Provided data START

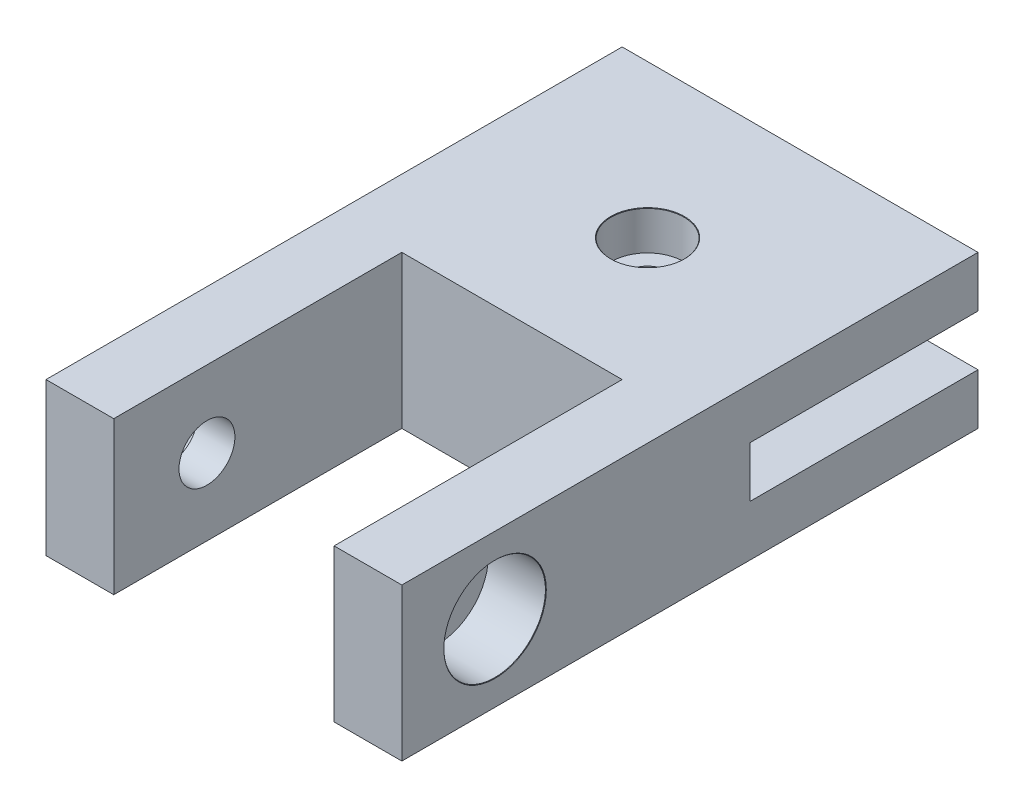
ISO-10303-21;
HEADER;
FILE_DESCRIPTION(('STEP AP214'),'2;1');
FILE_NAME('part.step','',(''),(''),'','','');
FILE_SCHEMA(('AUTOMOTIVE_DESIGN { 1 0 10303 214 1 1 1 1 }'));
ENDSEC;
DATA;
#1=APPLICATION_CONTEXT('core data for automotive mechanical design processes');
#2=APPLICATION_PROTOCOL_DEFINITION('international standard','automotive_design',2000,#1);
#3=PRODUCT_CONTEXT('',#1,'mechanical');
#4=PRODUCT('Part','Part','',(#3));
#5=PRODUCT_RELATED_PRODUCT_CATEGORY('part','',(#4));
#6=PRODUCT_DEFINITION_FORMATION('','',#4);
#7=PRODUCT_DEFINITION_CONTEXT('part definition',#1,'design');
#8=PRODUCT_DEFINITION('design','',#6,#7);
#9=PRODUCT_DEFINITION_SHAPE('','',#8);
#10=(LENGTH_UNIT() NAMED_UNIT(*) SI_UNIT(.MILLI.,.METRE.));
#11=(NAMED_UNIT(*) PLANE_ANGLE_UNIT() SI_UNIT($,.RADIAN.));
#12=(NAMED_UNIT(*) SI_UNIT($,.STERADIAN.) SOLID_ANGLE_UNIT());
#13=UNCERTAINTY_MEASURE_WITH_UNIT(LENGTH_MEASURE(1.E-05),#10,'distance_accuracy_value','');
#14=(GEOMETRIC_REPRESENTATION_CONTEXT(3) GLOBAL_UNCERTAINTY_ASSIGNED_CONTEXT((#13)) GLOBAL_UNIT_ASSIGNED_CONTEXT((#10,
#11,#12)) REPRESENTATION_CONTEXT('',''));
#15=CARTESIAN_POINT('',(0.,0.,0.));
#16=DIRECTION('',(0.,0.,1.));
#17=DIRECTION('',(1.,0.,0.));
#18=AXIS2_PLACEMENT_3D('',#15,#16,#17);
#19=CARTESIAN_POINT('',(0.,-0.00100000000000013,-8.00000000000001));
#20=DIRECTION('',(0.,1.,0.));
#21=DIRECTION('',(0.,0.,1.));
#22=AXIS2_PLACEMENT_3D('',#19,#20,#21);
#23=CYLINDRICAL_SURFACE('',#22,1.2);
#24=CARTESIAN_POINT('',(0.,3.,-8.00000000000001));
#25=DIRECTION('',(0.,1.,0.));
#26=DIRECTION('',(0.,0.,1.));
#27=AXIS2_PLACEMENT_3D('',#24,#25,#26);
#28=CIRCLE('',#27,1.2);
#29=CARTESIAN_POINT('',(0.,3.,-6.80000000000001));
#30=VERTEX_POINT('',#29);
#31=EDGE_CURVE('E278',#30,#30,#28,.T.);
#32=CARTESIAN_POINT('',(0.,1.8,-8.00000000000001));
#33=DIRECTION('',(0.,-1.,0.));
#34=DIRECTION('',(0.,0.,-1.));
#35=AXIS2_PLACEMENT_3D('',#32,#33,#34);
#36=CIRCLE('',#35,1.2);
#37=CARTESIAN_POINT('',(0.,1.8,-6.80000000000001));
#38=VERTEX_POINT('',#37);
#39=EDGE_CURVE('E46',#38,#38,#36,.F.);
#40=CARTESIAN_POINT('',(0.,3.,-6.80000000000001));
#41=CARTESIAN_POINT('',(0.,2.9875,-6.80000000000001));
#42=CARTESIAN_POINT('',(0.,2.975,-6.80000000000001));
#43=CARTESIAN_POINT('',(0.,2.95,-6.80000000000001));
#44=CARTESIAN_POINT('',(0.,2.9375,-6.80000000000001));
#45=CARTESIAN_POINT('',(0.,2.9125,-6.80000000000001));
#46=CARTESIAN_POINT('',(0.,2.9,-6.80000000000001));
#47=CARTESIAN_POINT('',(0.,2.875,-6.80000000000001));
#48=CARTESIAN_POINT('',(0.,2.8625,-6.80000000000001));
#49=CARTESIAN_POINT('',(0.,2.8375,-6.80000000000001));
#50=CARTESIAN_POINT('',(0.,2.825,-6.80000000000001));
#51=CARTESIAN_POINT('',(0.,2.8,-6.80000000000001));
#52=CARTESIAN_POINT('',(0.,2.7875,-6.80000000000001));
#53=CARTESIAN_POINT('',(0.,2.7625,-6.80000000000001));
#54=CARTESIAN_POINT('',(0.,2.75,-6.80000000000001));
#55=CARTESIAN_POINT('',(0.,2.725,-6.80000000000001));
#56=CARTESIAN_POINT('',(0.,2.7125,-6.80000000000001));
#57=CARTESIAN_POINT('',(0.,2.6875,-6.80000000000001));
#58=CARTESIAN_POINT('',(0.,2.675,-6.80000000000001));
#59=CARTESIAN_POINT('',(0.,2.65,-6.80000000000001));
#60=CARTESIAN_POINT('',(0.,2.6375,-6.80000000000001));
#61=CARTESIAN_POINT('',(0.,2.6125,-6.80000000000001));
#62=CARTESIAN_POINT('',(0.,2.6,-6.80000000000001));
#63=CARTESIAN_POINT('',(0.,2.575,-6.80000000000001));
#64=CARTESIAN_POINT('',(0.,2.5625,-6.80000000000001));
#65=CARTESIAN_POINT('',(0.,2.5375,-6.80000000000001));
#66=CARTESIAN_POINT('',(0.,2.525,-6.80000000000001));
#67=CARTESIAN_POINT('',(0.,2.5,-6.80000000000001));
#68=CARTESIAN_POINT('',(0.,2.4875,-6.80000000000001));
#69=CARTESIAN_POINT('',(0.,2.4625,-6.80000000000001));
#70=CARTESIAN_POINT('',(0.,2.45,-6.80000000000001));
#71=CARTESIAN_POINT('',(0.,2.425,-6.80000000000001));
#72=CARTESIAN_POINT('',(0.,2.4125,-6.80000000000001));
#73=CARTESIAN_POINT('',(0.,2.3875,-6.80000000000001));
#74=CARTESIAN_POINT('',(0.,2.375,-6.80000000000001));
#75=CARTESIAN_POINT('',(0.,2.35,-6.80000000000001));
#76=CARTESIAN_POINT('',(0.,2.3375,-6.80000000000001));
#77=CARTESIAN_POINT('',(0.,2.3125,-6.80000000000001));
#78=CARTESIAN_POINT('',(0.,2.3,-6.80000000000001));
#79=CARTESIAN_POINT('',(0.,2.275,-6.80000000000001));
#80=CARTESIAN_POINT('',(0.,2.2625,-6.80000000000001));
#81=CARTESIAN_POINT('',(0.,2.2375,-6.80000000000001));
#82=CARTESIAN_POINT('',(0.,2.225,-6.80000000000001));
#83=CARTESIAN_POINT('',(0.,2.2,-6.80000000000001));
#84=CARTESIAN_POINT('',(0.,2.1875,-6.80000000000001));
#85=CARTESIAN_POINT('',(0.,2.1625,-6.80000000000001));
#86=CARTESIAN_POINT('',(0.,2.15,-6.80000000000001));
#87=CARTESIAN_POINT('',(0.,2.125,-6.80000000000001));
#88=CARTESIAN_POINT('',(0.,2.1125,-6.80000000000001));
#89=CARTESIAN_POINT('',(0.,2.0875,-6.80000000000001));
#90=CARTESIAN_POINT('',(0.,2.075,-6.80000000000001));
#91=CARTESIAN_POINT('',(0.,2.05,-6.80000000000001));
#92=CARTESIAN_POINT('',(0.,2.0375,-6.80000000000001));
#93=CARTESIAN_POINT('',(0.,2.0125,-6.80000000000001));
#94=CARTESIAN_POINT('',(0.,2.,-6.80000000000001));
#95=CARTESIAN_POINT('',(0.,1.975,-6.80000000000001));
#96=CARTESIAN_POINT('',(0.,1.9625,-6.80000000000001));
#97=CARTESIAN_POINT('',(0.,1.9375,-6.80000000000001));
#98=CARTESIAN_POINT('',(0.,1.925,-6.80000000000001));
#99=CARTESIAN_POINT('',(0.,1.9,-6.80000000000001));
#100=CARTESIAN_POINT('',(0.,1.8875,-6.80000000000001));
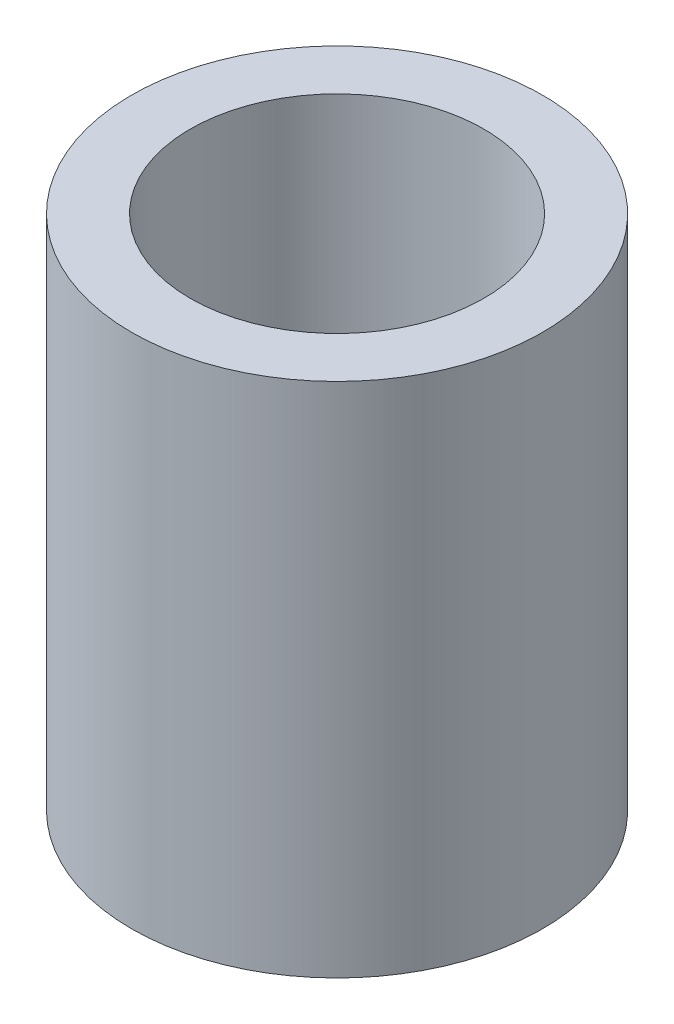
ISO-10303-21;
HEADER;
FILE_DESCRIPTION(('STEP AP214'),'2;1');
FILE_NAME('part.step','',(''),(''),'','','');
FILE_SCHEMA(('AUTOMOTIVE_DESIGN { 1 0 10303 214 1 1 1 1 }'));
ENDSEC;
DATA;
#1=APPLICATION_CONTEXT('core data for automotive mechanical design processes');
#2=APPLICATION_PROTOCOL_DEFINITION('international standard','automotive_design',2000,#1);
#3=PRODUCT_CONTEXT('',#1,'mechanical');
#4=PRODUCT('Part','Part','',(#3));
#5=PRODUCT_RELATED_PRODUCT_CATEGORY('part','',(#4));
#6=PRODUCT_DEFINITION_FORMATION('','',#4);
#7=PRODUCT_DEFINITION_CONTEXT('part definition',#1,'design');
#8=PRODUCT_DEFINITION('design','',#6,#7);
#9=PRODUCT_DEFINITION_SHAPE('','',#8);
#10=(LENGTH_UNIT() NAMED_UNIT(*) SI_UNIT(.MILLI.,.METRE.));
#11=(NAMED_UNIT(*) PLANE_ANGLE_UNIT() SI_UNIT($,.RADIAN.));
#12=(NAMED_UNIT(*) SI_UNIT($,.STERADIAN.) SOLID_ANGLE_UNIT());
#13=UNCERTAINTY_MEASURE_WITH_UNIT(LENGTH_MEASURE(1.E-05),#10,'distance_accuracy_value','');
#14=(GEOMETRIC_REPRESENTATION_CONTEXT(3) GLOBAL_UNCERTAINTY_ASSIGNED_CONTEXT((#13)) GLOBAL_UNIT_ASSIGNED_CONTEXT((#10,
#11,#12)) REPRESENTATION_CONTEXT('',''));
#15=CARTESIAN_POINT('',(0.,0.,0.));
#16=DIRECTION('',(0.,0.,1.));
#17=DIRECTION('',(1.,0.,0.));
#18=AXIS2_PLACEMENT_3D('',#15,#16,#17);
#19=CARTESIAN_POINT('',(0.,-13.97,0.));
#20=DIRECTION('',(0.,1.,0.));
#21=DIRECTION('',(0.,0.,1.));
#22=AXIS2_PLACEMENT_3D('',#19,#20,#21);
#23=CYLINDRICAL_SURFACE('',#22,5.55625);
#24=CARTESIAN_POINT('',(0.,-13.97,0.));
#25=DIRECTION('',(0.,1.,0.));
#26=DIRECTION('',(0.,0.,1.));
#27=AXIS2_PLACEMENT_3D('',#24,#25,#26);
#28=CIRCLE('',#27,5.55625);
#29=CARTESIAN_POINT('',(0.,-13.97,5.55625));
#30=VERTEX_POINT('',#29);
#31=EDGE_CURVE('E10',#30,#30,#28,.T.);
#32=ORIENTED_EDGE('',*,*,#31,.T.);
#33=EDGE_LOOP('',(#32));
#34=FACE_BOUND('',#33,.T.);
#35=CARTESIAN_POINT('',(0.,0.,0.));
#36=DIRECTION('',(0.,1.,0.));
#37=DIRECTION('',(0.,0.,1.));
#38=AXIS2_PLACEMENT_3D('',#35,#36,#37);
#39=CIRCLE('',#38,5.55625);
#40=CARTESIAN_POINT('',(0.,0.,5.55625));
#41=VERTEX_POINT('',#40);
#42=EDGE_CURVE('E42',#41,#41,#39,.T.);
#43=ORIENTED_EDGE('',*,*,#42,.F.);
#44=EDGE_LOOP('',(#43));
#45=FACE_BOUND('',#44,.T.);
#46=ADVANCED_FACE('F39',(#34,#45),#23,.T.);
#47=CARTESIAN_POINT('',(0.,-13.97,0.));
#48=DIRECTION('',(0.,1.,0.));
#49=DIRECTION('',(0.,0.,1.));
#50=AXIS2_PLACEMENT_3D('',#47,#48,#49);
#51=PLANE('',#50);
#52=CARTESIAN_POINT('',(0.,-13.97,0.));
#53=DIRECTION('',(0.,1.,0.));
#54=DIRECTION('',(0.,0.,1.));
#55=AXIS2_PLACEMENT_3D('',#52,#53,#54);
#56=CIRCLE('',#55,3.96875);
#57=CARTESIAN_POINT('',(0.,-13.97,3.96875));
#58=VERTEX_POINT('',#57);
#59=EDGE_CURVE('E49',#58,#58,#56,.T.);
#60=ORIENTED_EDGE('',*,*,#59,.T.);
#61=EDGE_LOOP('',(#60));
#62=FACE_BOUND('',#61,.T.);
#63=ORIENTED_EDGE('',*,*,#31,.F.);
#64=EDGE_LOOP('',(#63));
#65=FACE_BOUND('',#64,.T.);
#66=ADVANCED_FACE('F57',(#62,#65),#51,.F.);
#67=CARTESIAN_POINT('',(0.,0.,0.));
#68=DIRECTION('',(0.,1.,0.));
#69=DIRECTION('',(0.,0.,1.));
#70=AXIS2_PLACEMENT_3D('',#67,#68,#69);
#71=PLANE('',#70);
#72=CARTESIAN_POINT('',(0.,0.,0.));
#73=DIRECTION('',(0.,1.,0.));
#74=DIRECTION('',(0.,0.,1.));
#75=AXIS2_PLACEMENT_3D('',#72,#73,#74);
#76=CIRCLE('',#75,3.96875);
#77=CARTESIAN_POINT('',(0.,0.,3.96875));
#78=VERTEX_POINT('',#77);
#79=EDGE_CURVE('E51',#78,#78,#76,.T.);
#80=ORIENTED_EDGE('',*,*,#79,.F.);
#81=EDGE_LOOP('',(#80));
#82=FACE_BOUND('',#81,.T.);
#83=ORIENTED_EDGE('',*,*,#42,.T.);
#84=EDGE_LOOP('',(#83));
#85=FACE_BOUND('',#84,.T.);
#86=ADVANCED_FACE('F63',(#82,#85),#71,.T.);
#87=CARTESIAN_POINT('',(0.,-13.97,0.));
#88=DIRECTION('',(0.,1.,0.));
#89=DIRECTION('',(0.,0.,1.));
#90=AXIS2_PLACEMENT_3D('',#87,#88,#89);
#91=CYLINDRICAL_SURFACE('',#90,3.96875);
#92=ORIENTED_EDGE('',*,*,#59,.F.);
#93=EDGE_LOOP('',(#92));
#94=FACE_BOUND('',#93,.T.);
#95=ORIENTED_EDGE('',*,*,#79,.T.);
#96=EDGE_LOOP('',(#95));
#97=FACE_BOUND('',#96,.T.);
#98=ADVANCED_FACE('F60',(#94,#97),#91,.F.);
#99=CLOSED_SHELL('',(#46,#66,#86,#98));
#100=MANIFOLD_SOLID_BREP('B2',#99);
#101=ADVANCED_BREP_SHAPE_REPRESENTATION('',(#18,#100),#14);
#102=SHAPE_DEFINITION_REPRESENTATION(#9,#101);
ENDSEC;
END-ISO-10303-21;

Provided data END

Instructions for the task =>
The line above containing "#88=DIRECTION('',(0.,1.,0.));", the line containing "#98=ADVANCED_FACE('F60',(#94,#97),#91,.F.);", and every line between them are to be transcribed exactly; no other line is wanted.

The answer =>
#88=DIRECTION('',(0.,1.,0.));
#89=DIRECTION('',(0.,0.,1.));
#90=AXIS2_PLACEMENT_3D('',#87,#88,#89);
#91=CYLINDRICAL_SURFACE('',#90,3.96875);
#92=ORIENTED_EDGE('',*,*,#59,.F.);
#93=EDGE_LOOP('',(#92));
#94=FACE_BOUND('',#93,.T.);
#95=ORIENTED_EDGE('',*,*,#79,.T.);
#96=EDGE_LOOP('',(#95));
#97=FACE_BOUND('',#96,.T.);
#98=ADVANCED_FACE('F60',(#94,#97),#91,.F.);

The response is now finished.